Designing Adaptive User Interfaces

This guide aims to show developers and designers how to use the components provided by GTK with those from the libhandy library to create applications both for the Librem 5 phone and for traditional desktop and laptop systems.

This guide assumes that you are familiar with the basics of GTK application development. It also assumes you are using GTK 3.24 or newer and libhandy 0.0.10 or newer as these versions have improved support for adaptive apps over previous versions.

Introduction

libhandy is a widget library for GTK that contains widgets useful for both phone applications and adaptive applications. It extends the standard collection of widgets provided by GTK for this purpose. The libhandy documentation covers the range of widgets available.

This library is central to the way that adaptive applications are created using GTK. The following sections show how each of its components are employed to make new or existing GTK-based user interfaces adaptable. The Porting GNOME Applications guide covers more specific issues related to converting traditional applications to fit the adaptive paradigm.

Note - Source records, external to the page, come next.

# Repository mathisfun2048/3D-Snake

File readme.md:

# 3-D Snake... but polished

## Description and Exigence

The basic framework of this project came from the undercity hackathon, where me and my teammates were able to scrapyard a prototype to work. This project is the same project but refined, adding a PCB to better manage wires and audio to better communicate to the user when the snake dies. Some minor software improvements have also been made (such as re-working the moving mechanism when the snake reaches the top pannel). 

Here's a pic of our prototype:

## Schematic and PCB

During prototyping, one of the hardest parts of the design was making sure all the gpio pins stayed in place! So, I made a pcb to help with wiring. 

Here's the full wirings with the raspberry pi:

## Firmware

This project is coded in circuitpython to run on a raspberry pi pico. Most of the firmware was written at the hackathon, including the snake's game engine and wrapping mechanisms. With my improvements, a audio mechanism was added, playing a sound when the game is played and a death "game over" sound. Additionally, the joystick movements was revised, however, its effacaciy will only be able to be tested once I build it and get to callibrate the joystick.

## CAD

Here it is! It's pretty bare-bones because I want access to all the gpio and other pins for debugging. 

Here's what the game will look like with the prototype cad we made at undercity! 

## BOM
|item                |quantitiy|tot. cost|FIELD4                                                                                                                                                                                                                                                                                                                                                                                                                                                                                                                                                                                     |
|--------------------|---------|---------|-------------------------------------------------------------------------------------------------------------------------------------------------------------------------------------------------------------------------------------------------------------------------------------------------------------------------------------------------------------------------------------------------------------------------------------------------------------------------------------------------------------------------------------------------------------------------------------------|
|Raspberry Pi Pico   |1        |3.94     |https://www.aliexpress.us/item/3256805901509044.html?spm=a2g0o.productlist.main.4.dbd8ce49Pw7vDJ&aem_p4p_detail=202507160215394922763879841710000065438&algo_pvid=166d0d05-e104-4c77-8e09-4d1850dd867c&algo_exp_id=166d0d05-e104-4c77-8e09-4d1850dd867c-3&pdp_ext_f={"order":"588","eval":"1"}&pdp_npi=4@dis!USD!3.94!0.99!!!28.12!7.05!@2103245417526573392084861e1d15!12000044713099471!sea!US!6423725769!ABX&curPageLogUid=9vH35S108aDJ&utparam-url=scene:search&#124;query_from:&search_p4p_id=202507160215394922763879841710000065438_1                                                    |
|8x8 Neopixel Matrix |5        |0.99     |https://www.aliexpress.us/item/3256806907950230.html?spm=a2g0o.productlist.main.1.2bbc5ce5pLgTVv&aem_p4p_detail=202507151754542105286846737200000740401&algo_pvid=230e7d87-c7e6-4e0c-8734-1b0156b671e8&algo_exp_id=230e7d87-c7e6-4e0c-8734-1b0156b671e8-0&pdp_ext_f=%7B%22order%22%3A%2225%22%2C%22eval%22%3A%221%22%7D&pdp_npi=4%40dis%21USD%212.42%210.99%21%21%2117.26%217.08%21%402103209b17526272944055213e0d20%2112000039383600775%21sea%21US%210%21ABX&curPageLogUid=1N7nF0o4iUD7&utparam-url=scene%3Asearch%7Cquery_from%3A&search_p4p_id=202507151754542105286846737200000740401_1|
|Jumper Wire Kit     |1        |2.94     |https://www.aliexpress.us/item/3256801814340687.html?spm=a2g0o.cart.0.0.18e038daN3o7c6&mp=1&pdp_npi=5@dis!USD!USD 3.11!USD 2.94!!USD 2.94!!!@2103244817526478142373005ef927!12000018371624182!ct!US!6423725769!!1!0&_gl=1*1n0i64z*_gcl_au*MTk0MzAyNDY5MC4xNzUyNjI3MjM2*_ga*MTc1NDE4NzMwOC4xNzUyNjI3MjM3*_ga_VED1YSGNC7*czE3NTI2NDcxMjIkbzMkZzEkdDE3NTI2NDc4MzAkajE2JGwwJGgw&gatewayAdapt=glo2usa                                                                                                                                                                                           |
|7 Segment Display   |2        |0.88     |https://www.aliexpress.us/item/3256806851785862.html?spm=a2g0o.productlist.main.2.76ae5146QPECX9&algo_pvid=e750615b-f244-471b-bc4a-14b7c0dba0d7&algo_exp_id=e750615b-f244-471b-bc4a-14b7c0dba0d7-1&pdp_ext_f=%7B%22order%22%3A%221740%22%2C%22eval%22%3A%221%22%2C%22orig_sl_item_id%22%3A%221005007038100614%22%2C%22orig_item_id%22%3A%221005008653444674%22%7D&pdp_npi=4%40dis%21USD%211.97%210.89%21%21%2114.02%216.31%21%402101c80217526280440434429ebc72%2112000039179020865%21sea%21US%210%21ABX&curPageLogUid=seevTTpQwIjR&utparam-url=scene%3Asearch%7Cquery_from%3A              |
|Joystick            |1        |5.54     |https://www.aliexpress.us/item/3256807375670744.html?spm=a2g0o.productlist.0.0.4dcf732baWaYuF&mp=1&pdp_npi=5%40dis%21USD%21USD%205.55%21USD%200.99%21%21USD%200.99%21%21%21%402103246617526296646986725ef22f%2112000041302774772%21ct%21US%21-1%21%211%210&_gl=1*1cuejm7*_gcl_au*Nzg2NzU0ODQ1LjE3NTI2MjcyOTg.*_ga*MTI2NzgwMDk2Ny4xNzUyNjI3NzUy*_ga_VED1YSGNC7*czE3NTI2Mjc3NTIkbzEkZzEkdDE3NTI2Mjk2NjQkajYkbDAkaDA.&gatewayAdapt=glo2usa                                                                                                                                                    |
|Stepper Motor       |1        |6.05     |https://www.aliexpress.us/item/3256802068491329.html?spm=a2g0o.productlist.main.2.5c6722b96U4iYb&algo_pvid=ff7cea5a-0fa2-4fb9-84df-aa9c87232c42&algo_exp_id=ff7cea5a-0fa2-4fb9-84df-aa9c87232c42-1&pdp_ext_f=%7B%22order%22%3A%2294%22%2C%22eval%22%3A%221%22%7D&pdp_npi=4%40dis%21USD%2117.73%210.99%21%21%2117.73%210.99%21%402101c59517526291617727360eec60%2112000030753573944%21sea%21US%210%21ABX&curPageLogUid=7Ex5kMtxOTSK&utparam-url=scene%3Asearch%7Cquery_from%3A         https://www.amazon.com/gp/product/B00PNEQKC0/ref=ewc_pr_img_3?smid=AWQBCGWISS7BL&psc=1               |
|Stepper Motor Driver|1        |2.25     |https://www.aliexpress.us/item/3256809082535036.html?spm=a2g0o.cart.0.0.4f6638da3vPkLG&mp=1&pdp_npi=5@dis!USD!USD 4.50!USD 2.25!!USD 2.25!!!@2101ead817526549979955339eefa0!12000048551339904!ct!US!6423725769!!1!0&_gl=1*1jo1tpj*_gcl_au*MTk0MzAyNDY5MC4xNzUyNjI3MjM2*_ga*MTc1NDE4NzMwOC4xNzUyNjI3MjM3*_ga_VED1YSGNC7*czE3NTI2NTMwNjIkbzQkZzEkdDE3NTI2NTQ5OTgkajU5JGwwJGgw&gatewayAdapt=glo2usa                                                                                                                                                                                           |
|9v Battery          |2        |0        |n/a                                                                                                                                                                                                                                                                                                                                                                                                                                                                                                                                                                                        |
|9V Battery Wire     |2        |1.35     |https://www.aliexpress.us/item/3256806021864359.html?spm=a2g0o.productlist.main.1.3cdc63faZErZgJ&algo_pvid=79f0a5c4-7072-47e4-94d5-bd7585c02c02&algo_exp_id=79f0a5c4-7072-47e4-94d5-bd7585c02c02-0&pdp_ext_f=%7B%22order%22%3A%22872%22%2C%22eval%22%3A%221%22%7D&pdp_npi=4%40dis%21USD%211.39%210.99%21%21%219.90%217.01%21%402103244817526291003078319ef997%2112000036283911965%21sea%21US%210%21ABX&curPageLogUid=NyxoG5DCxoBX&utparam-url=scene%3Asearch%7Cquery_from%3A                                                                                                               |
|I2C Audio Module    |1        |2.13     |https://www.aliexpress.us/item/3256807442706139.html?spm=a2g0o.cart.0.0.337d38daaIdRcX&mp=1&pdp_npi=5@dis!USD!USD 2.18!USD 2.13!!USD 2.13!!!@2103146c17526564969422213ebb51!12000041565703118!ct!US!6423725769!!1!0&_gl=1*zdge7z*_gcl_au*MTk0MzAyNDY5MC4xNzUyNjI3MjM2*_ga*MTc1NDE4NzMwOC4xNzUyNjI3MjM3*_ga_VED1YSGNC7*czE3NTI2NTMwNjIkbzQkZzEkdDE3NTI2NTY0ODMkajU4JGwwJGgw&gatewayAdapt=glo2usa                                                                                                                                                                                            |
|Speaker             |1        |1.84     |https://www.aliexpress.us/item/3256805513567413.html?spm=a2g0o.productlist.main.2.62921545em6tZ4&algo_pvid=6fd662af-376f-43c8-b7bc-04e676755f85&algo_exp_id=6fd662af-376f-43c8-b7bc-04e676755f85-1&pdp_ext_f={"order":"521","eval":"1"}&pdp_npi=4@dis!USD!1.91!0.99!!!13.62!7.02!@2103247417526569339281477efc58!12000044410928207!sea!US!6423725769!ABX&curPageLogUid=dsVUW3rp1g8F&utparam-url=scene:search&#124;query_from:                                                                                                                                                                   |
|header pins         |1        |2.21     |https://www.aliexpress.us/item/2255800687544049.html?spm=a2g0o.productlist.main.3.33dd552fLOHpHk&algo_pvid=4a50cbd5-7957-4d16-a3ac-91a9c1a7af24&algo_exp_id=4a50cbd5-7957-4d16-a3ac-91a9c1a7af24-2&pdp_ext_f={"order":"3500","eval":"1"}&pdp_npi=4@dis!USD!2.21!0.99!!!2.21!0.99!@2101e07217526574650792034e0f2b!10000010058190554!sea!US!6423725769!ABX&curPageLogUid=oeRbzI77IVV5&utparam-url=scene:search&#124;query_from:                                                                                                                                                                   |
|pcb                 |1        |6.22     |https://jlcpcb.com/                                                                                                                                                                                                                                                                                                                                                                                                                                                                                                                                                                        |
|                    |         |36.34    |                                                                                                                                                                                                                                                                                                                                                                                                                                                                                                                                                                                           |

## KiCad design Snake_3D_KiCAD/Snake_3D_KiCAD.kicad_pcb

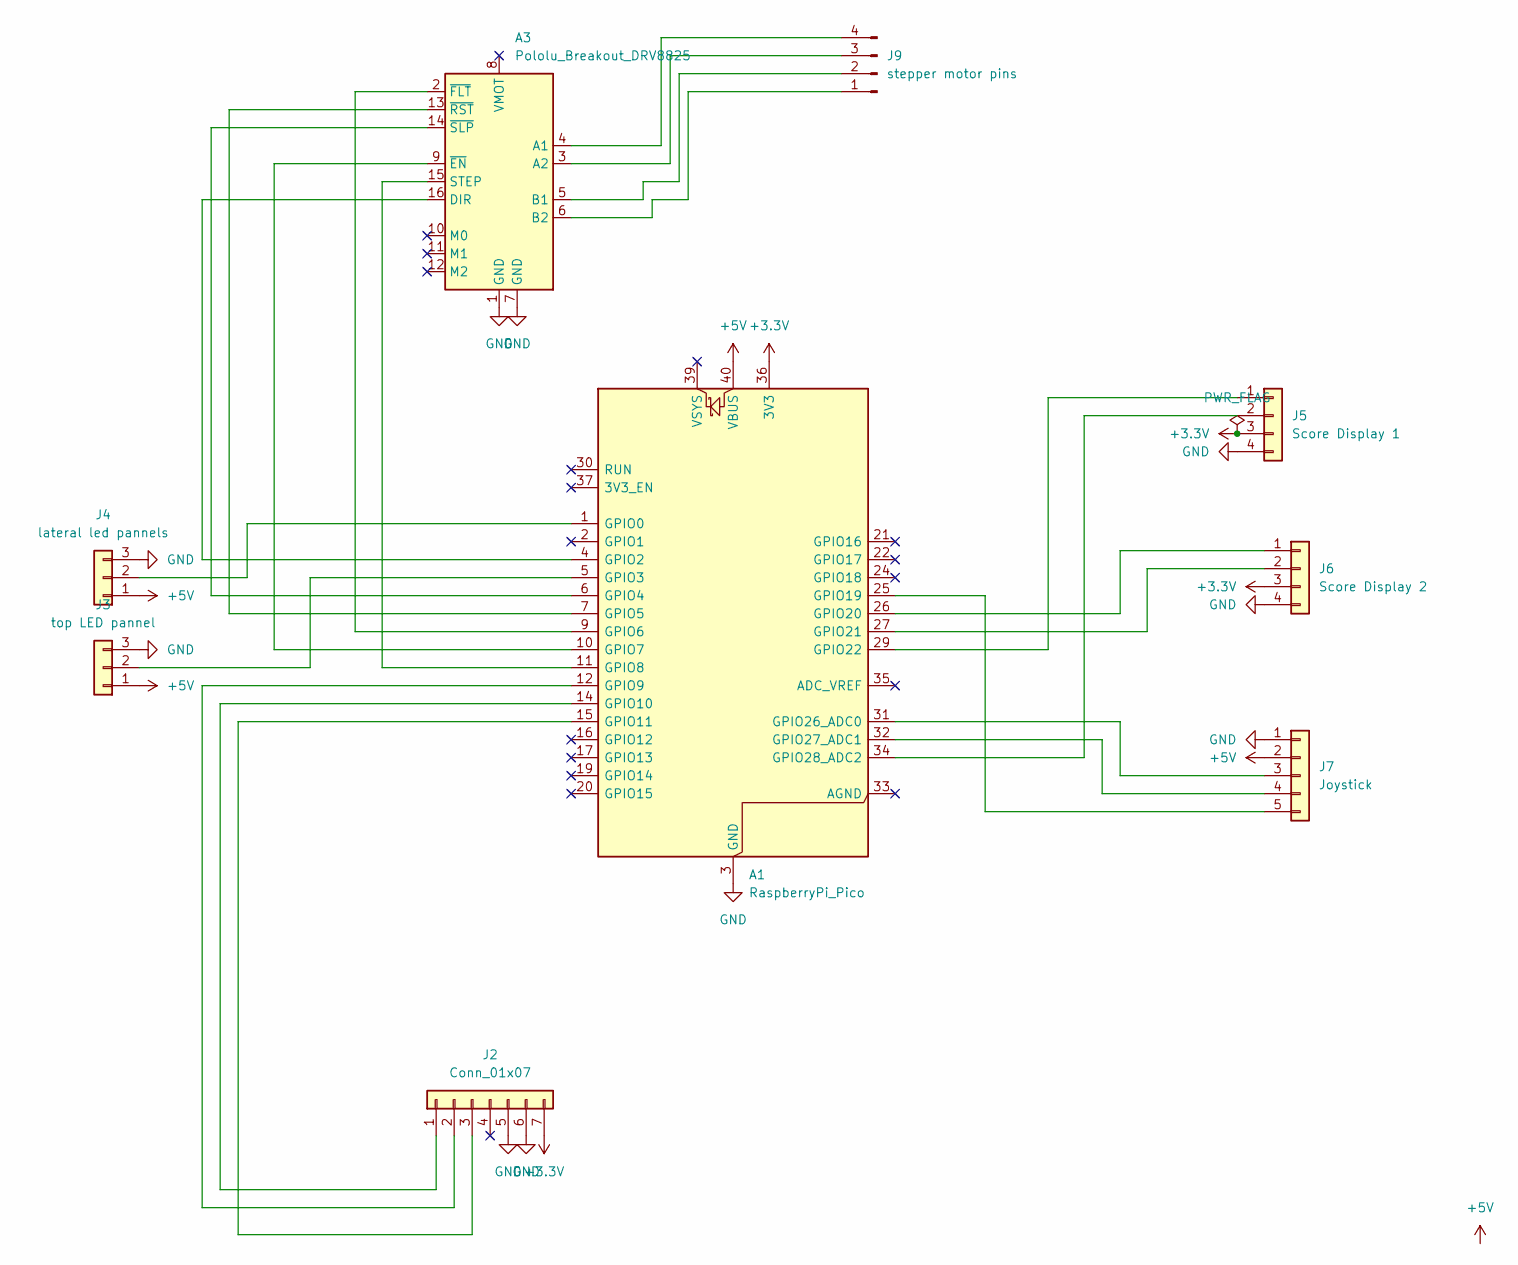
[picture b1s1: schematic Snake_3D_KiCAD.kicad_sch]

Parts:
A1: RaspberryPi_Pico; RaspberryPi_Pico_Common_Unspecified
A3: Pololu_Breakout_DRV8825; Pololu_Breakout-16_15.2x20.3mm
J2: Conn_01x07; PinHeader_1x07_P2.54mm_Vertical
J3: top LED pannel; PinHeader_1x03_P2.54mm_Vertical
J4: lateral led pannels; PinHeader_1x03_P2.54mm_Vertical
J5: Score Display 1; PinHeader_1x04_P2.54mm_Vertical
J6: Score Display 2; PinHeader_1x04_P2.54mm_Vertical
J7: Joystick; PinHeader_1x05_P2.54mm_Vertical
J9: stepper motor pins; PinHeader_1x04_P2.54mm_Vertical

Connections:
+3.3V: A1.36 (3V3), J2.7, J5.3 (VCC), J6.3 (VCC)
+5V: A1.40 (VBUS), J3.1 (VIN), J4.1 (VIN), J7.2 (+5V)
GND: A1.3 (GND), A1.8 (GND), A1.13 (GND), A1.18 (GND), A1.23 (GND), A1.28 (GND), A1.38 (GND), A3.1 (GND), A3.7 (GND), J2.5, J2.6, J3.3 (GND), J4.3 (GND), J5.4 (GND), J6.4 (GND), J7.1 (GND)
unnamed: A1.1 (GPIO0), J4.2 (DIN_0)
unnamed: A1.4 (GPIO2), A3.16 (DIR)
unnamed: A1.5 (GPIO3), J3.2 (DIN_0)
unnamed: A1.6 (GPIO4), A3.14 (~SLP)
unnamed: A1.7 (GPIO5), A3.13 (~RST)
unnamed: A1.9 (GPIO6), A3.2 (~FLT)
unnamed: A1.10 (GPIO7), A3.9 (~EN)
unnamed: A1.11 (GPIO8), A3.15 (STEP)
unnamed: A1.12 (GPIO9), J2.2
unnamed: A1.14 (GPIO10), J2.1
unnamed: A1.15 (GPIO11), J2.3
unnamed: A1.25 (GPIO19), J7.5 (SW)
unnamed: A1.26 (GPIO20), J6.1 (CLK)
unnamed: A1.27 (GPIO21), J6.2 (DIO)
unnamed: A1.29 (GPIO22), J5.1 (CLK)
unnamed: A1.31 (GPIO26_ADC0), J7.3 (VRX)
unnamed: A1.32 (GPIO27_ADC1), J7.4 (VRY)
unnamed: A1.34 (GPIO28_ADC2), J5.2 (DIO)
unnamed: A3.4 (A1), J9.4 (A1)
unnamed: A3.3 (A2), J9.3 (A2)
unnamed: A3.5 (B1), J9.2 (B1)
unnamed: A3.6 (B2), J9.1 (B2)

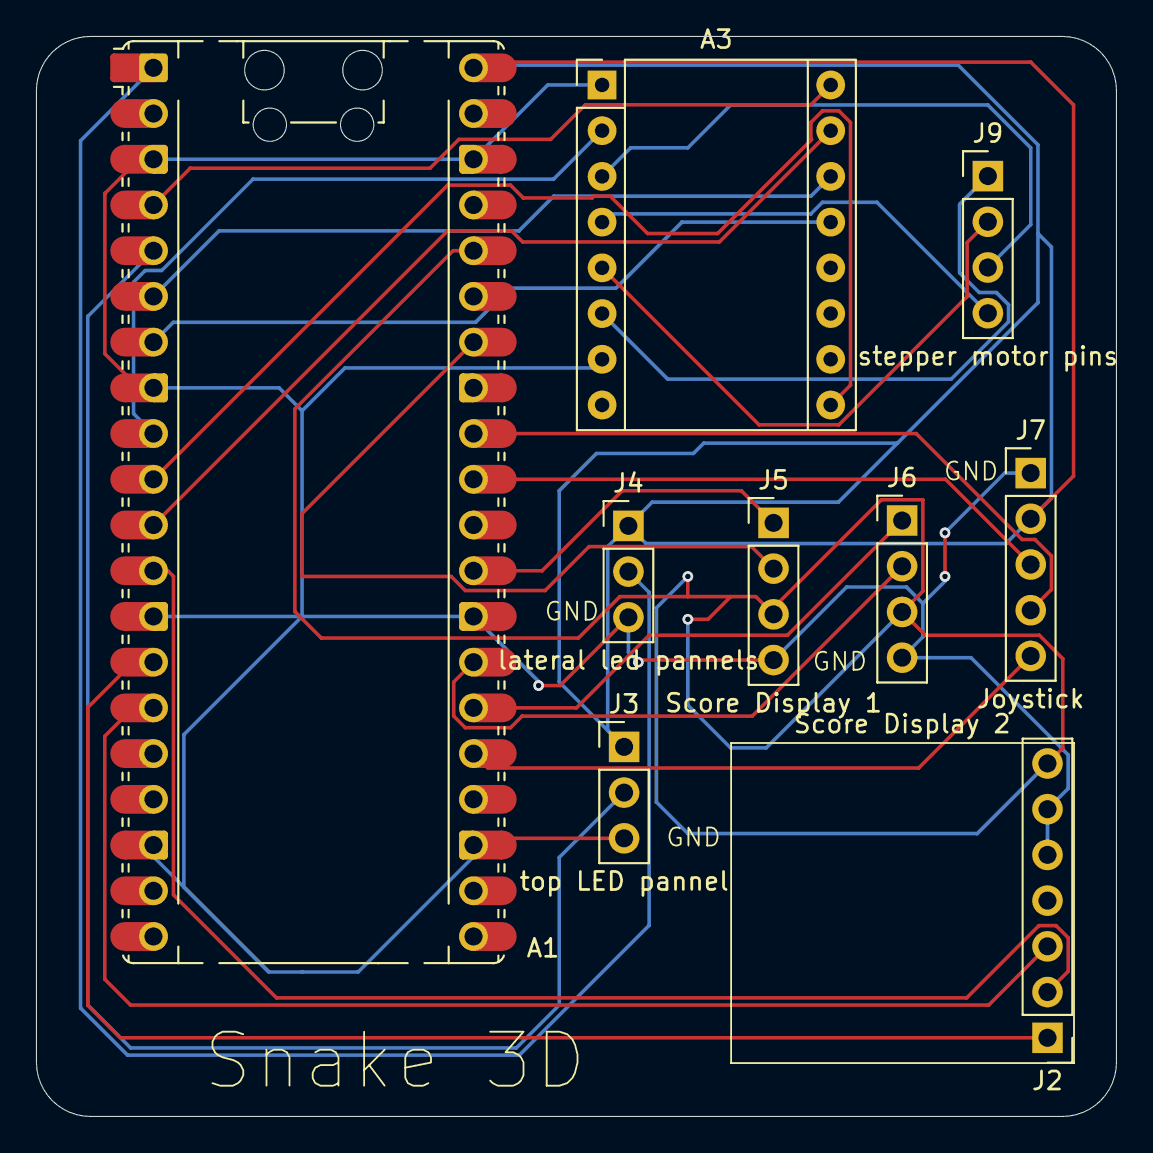
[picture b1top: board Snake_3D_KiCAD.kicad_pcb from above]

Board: 2 copper layers, 60.0 x 60.0 mm, 9 parts (0 on the bottom side), 25 nets.

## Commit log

2025-07-16 created readme.md
2025-07-16 set up file structure
2025-07-16 continued working on pcb
2025-07-16 finished pcb design
2025-07-16 added gerber files
2025-07-16 finished designing 3d case
2025-07-16 pcb updates
2025-07-16 worked on formatting everything for submission

For general GTK and GNOME development resources please consult the GTK/GNOME Resources page and the GTK 3 documentation.

Style Guidelines

Applications are expected to follow the GNOME Human Interface Guidelines where possible, to the extent that they apply to the application’s environment.

Header Bars

HdyTitleBar is a simple container that takes care of the title bar’s appearance, ensuring that header bars look good when animated by preventing them from drawing the title bar’s background themselves. The class also simplifies common operations, like setting the selection mode. A simple example that uses HdyTitleBar can be found in the first part of the Adaptive UI.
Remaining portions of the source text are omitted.